• _REQUIREMENT_
Once the line with "FILE_NAME ('627-050-620-061.STEP', '2020-07-15T15:10:23', ( ''" is found in the data, output it and each following line exactly, up to and including the line with "Length unit declared in the file: millimetre", and nothing before or after.

• _THE INPUT_
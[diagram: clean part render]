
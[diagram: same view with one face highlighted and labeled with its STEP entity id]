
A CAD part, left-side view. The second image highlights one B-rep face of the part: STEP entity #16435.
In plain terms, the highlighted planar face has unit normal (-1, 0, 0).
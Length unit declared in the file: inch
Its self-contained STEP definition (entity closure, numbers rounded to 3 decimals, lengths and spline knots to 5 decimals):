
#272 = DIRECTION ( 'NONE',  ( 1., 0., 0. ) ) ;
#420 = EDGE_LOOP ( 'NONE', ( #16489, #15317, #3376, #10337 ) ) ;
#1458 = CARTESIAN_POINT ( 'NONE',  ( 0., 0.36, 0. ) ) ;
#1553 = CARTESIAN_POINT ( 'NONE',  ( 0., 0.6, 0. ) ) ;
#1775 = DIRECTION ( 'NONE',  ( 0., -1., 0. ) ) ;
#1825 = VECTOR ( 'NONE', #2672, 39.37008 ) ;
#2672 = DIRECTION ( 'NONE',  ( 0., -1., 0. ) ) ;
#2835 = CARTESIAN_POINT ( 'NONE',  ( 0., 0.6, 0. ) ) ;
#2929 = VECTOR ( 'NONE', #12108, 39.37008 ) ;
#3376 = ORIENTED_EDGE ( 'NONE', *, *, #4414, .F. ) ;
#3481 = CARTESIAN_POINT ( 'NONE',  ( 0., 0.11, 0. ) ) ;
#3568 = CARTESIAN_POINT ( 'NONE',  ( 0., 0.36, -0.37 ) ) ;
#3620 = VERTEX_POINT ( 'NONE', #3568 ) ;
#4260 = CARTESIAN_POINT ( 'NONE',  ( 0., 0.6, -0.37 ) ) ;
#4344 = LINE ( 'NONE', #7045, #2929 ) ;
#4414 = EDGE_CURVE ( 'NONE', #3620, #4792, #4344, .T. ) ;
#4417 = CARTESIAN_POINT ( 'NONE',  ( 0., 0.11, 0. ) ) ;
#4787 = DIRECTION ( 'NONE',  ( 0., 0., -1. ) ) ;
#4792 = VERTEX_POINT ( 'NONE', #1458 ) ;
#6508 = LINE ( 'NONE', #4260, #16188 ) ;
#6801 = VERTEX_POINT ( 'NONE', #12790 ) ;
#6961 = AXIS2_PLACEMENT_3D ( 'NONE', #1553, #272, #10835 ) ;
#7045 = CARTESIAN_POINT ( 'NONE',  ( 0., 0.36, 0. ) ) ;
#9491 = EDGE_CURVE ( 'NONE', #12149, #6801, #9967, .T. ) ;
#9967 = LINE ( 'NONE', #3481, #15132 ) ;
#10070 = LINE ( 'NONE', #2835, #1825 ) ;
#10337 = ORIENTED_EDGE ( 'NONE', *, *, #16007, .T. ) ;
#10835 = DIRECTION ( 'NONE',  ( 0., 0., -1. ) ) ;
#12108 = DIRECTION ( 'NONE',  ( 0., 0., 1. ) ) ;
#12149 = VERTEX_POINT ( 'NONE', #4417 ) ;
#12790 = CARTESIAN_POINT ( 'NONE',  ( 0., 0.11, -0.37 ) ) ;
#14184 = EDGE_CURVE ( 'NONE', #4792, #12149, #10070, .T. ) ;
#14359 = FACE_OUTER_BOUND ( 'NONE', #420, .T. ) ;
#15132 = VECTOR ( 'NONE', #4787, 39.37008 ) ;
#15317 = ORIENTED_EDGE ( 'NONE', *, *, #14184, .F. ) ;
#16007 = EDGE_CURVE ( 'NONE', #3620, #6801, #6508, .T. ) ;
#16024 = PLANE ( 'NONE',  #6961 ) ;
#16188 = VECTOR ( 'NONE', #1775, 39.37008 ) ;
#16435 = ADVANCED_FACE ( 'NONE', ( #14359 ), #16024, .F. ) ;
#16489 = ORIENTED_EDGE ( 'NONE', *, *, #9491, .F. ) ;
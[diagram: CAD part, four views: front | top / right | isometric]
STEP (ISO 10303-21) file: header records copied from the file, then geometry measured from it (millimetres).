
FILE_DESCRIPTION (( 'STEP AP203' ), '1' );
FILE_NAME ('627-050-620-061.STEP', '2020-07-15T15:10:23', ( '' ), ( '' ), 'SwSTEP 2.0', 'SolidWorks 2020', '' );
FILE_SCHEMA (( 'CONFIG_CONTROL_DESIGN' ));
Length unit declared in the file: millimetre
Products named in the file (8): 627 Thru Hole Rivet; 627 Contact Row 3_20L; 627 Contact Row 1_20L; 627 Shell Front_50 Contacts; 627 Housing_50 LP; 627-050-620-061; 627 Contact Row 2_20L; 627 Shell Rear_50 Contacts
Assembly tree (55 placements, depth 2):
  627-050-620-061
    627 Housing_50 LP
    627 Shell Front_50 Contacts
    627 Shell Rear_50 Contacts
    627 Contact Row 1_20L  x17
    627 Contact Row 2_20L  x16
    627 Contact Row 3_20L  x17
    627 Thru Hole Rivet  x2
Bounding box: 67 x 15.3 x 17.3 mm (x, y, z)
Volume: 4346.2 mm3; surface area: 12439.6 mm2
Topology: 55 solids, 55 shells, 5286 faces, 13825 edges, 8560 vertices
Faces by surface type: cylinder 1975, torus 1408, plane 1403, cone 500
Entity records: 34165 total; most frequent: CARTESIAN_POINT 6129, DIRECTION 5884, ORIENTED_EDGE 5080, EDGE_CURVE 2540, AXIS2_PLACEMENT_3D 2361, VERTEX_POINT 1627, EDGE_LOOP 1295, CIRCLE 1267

• _TASK ANSWER_
FILE_NAME ('627-050-620-061.STEP', '2020-07-15T15:10:23', ( '' ), ( '' ), 'SwSTEP 2.0', 'SolidWorks 2020', '' );
FILE_SCHEMA (( 'CONFIG_CONTROL_DESIGN' ));
Length unit declared in the file: millimetre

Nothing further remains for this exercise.